For a more detailed explanation of the project and the code, please refer to the Jupyter Notebook or the PDF report.
This project focuses on analyzing Uber ride fares, including exploratory data analysis (EDA) with hypothesis testing, and building a model to predict future ride costs. The data is sourced from Kaggle: Uber Fares Dataset.
EDA revealed key insights, such as the strong relationship between trip distance and fare, and guided the removal of anomalies (e.g., negative or excessively high fares).
Data preparation steps included:
- Removing outliers and ensuring geographic coordinates were realistic.
- Deriving new features from
pickup_datetime(Year, Month, Day, DayOfWeek, Hour). - Calculating
distance_kmbetween pickup and dropoff points. - Computing distances to landmarks (Times Square, JFK Airport, etc.) to capture location-based effects.
- Splitting the data into training, validation, and test sets:
- Training set: 117,057 samples
- Validation set: 39,020 samples
- Test set: 39,020 samples
- Normalizing numerical features using MinMaxScaler to ensure all values are within the same range.
Multiple models were tested:
- Linear & Ridge Regression: baseline performance (RMSE ~5.0 on validation).
- ElasticNet: underperformed compared to the baseline.
- Decision Tree & Random Forest: improved results (RMSE ~3.85+ on validation).
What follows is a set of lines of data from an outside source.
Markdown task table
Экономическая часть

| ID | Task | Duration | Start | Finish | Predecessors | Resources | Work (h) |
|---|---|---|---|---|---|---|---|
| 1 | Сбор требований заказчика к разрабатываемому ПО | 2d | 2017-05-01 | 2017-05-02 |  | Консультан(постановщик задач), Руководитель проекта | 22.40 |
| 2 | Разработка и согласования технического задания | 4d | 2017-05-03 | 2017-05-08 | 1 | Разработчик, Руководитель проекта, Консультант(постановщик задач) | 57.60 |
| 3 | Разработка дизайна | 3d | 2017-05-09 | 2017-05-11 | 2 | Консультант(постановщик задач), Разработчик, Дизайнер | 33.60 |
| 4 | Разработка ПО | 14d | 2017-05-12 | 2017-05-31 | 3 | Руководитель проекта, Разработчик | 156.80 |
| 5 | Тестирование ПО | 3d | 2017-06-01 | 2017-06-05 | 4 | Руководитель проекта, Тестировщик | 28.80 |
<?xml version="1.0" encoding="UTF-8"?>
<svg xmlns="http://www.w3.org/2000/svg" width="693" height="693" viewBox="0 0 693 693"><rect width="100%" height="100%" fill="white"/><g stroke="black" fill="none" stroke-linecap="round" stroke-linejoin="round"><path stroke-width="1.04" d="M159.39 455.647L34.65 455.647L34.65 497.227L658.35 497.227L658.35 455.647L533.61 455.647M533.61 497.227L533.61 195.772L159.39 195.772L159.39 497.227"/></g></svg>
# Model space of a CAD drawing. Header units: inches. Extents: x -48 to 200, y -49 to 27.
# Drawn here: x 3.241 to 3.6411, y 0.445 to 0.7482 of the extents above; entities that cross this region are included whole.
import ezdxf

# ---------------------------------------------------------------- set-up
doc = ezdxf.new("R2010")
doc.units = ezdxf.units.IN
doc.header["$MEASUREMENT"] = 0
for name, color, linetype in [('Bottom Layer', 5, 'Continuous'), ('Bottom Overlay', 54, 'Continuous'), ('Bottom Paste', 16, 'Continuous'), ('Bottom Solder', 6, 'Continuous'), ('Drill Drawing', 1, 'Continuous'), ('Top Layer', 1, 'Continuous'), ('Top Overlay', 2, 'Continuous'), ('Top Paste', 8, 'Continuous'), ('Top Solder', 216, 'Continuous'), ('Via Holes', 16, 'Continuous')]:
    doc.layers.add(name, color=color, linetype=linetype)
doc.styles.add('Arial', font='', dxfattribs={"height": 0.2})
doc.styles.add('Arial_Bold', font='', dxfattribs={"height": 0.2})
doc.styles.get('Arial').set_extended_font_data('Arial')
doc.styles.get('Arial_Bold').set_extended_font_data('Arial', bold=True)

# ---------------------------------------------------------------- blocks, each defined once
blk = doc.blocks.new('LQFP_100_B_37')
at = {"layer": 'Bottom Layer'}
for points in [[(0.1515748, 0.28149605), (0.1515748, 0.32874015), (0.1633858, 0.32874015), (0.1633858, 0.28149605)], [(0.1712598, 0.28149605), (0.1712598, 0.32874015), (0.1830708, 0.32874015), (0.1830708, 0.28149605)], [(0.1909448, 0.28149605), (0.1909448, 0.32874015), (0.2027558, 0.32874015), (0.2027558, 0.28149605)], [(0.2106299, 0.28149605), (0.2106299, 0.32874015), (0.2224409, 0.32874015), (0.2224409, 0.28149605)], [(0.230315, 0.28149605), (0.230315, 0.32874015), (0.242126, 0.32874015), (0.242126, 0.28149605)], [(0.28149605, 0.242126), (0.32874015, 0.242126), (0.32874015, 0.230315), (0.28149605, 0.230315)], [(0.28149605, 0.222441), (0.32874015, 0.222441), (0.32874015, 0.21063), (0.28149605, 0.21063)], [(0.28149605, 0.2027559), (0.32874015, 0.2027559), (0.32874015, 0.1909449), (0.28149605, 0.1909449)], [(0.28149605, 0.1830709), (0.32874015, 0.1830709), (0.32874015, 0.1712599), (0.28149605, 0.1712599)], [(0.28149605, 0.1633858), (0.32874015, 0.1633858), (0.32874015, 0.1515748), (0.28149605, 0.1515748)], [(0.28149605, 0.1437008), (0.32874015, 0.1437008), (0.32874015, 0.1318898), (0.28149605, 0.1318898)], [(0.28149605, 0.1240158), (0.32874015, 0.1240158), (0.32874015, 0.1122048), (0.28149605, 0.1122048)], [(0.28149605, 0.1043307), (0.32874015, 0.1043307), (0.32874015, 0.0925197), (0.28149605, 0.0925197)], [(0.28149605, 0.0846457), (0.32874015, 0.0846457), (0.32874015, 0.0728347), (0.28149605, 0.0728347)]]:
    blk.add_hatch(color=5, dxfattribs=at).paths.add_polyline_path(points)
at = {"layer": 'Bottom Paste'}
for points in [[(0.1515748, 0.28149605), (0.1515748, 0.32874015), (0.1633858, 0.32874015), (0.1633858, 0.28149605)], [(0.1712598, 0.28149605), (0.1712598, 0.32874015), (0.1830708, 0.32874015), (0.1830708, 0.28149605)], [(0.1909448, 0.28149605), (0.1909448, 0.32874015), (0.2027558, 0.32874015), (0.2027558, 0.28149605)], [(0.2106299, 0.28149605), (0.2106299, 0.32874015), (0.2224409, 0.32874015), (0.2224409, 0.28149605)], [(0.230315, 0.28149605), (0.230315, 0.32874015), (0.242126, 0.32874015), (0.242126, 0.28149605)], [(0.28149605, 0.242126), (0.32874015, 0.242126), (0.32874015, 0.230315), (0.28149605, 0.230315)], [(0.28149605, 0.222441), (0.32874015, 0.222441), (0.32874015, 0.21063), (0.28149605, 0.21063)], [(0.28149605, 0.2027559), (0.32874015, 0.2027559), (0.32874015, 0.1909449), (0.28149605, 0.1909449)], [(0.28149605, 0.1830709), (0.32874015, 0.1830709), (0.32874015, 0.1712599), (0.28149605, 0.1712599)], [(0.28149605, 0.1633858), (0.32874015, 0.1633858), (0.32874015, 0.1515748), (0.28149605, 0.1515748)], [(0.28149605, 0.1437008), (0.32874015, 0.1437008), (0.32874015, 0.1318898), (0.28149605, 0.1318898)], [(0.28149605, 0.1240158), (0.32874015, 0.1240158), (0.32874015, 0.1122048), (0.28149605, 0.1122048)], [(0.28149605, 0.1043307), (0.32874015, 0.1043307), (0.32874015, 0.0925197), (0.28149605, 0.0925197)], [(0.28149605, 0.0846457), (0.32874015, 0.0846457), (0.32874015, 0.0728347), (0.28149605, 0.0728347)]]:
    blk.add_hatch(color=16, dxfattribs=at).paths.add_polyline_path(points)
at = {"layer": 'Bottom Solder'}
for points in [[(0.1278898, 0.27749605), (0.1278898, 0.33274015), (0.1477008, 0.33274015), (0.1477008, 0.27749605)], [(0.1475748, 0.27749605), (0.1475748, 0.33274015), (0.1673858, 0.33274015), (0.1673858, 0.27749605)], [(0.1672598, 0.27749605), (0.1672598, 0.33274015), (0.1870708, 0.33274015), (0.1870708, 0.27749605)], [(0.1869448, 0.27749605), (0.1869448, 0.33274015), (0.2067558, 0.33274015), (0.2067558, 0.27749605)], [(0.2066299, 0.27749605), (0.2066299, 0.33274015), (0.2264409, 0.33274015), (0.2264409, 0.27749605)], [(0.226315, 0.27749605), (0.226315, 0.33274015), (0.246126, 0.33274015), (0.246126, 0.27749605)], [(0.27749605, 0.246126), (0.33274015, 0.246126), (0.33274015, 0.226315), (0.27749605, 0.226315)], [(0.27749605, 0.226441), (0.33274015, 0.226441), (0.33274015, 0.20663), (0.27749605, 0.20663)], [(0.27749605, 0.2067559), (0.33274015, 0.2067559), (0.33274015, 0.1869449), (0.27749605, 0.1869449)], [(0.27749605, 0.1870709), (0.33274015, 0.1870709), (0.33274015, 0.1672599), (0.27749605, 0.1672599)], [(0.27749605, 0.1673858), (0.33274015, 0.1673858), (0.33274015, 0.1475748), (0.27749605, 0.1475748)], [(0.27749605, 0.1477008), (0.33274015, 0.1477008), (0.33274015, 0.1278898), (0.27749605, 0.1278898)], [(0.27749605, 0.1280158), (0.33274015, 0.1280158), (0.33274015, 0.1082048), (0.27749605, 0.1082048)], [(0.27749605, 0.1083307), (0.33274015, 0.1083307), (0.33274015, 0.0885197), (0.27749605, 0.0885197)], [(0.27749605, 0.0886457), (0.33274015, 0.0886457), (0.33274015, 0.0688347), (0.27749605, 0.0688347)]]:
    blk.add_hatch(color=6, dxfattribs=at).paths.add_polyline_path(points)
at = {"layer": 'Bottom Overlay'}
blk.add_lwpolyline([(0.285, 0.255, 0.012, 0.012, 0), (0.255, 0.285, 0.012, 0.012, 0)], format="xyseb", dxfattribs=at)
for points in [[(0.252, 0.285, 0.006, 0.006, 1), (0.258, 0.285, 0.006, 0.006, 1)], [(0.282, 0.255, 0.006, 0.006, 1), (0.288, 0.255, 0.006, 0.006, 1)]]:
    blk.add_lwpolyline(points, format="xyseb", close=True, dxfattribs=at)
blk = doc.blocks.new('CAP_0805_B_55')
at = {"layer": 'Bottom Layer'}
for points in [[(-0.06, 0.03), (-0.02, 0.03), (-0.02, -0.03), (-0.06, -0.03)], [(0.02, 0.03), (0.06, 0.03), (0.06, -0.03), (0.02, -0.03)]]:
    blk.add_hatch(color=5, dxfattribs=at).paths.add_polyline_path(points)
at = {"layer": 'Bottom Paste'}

- Gradient Boosting: further improvement, with RMSE ~3.78 initially.
Comparison table (validation set):
| Model | val_rmse | val_r2 |
|---|---|---|
| Linear Regression | ~5.01 | ~0.72 |
| Ridge Regression | ~5.03 | ~0.72 |
| ElasticNet | ~9.48 | -0.00 |
| Decision Tree | ~4.22 | ~0.80 |
| Random Forest | ~3.85 | ~0.83 |
| Gradient Boosting | ~3.78 | ~0.84 |
XGBoost, as the top-performing model, was chosen for final testing and hyperparameter tuning.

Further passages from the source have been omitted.